Task input section start

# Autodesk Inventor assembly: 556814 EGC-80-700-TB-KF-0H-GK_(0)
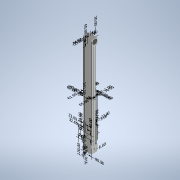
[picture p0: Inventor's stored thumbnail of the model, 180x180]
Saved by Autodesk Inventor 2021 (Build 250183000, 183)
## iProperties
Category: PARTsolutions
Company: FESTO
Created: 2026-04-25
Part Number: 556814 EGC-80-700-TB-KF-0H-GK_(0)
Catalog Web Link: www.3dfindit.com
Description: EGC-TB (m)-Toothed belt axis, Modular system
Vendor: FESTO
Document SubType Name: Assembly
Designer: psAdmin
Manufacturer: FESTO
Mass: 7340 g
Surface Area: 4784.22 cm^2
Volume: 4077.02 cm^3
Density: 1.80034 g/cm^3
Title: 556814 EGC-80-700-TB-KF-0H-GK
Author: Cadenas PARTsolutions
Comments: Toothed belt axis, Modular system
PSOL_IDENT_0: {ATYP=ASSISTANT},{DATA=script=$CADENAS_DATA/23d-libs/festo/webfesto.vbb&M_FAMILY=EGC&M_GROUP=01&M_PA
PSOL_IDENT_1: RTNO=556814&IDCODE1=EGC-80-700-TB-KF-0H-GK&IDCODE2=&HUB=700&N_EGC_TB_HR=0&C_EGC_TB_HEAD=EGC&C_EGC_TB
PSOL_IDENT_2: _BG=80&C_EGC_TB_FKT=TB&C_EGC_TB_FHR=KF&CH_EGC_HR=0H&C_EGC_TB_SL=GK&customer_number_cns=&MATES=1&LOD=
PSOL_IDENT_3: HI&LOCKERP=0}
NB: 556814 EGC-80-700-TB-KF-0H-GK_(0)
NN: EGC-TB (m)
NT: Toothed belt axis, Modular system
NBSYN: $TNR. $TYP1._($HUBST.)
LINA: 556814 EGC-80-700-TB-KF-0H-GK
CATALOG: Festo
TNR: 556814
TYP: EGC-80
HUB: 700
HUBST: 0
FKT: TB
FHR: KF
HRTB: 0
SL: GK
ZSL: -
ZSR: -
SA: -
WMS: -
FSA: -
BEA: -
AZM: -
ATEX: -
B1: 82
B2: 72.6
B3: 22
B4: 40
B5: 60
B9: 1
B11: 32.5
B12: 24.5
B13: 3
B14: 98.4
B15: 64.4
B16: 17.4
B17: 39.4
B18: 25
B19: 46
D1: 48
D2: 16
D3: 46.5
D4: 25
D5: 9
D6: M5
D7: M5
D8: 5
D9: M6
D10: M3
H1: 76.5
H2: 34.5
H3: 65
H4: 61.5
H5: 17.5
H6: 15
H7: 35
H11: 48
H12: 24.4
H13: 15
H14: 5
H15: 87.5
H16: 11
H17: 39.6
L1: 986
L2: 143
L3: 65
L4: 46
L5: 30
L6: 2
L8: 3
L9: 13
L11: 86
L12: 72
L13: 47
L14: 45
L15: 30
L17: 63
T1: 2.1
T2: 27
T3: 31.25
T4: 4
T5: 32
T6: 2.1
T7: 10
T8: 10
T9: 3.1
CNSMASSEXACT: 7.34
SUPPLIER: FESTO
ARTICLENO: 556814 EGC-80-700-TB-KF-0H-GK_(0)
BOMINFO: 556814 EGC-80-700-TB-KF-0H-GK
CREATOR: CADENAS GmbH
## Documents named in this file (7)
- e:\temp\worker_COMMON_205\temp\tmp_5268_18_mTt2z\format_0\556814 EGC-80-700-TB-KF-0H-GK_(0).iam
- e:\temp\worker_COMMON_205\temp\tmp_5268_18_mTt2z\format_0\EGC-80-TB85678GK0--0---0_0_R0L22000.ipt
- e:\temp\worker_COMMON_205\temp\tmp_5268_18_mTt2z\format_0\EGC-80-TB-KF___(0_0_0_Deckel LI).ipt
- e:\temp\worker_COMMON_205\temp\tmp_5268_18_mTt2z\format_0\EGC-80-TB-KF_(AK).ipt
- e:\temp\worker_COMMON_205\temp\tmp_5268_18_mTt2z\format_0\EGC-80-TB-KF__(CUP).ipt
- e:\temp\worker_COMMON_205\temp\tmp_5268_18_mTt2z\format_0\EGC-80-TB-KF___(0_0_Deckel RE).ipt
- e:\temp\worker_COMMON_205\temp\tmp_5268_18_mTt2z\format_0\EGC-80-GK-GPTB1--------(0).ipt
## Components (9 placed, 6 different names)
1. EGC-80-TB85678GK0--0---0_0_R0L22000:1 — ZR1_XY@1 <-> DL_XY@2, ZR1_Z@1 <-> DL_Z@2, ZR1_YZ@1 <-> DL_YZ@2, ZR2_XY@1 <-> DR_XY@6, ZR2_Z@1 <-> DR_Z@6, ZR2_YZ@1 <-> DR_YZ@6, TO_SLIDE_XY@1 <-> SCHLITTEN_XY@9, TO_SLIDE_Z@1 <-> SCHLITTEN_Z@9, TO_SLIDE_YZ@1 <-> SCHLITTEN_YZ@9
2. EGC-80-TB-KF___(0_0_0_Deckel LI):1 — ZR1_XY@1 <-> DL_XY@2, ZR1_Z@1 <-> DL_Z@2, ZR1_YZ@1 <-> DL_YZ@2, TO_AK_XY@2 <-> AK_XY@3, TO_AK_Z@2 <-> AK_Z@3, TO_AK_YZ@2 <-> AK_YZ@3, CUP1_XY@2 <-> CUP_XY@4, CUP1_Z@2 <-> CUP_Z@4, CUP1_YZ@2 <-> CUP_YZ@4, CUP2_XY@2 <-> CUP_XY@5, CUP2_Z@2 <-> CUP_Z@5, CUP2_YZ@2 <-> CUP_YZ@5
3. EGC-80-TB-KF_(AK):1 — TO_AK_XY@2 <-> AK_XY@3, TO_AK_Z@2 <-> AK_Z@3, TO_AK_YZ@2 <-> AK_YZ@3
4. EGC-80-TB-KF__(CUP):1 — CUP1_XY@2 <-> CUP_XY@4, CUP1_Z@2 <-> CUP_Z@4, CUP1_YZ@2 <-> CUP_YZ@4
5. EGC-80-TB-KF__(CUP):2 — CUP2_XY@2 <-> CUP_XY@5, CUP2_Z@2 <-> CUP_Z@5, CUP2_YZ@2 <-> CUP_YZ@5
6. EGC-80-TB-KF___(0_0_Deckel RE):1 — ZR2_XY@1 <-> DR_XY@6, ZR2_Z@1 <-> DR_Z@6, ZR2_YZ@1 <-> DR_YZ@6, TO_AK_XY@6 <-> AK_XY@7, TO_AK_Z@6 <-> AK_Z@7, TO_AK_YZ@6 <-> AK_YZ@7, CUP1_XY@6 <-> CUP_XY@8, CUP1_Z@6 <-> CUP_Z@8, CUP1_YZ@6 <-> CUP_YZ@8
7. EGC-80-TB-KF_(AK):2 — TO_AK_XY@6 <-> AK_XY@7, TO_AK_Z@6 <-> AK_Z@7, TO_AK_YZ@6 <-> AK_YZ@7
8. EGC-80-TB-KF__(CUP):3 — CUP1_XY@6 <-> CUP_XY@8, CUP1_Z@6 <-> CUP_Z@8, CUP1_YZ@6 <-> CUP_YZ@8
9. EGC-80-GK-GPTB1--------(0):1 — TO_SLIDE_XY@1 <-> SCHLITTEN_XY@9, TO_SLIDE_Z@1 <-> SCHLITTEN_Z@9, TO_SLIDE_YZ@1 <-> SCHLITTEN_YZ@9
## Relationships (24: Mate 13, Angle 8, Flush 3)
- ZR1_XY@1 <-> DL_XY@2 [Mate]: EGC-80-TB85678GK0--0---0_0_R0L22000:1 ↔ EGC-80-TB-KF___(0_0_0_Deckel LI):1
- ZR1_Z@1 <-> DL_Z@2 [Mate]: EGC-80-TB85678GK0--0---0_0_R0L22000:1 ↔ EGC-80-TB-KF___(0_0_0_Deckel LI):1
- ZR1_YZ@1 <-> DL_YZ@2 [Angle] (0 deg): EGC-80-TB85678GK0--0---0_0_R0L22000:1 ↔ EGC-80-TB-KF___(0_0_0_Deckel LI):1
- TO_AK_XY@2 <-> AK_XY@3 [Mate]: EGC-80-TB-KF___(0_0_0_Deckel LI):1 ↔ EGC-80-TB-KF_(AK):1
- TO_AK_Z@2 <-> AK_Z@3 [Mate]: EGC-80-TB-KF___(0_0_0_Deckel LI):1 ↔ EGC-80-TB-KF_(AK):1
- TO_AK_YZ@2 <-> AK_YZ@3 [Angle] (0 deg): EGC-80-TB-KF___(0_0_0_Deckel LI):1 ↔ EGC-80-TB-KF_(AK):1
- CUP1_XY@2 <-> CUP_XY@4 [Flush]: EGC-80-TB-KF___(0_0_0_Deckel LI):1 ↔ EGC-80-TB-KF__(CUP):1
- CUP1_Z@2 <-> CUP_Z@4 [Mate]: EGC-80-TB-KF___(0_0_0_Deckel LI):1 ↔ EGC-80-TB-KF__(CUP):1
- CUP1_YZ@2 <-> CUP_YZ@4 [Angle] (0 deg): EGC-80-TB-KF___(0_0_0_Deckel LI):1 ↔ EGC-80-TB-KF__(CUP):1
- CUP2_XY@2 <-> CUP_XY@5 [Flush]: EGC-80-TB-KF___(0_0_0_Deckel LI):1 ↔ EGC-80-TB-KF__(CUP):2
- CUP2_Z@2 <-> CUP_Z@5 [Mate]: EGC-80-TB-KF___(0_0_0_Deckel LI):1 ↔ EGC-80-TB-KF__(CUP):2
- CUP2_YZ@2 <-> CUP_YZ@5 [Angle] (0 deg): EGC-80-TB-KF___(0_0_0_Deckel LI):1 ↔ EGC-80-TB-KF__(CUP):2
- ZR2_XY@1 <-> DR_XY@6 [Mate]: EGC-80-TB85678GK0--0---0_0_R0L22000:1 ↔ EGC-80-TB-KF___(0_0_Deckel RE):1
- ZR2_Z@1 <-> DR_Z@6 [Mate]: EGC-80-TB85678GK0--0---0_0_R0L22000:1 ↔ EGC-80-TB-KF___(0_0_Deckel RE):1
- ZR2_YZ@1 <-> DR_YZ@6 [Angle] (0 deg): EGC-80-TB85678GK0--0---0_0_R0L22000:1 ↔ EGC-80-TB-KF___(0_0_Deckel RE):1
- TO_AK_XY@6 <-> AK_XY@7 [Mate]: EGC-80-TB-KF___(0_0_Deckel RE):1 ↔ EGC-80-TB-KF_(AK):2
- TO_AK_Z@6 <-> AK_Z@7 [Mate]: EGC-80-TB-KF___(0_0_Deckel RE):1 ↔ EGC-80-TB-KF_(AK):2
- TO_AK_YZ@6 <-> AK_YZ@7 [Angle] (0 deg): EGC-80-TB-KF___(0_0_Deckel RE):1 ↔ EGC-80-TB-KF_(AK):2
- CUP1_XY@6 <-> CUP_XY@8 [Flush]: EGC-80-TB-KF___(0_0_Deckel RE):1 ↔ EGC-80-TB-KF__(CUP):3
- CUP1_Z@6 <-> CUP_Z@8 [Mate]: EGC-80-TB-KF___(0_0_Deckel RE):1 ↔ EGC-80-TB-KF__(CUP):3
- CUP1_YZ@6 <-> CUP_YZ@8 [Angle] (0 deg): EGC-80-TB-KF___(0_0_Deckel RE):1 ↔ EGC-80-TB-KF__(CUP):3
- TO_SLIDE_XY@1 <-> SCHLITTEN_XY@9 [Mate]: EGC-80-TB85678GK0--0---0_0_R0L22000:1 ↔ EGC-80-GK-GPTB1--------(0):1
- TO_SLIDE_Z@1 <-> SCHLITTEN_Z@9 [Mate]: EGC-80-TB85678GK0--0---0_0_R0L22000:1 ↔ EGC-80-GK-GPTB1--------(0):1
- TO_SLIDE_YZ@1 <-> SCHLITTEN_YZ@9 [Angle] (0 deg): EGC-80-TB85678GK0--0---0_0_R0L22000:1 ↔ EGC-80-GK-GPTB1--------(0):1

Task input section end

**Action item:** Print each line of the listing, starting at its first and ending with the line that holds "Catalog Web Link: www.3dfindit.com", but skip any pictures.

**Answer to this task:**
# Autodesk Inventor assembly: 556814 EGC-80-700-TB-KF-0H-GK_(0)
[picture p0: Inventor's stored thumbnail of the model, 180x180]
Saved by Autodesk Inventor 2021 (Build 250183000, 183)
## iProperties
Category: PARTsolutions
Company: FESTO
Created: 2026-04-25
Part Number: 556814 EGC-80-700-TB-KF-0H-GK_(0)
Catalog Web Link: www.3dfindit.com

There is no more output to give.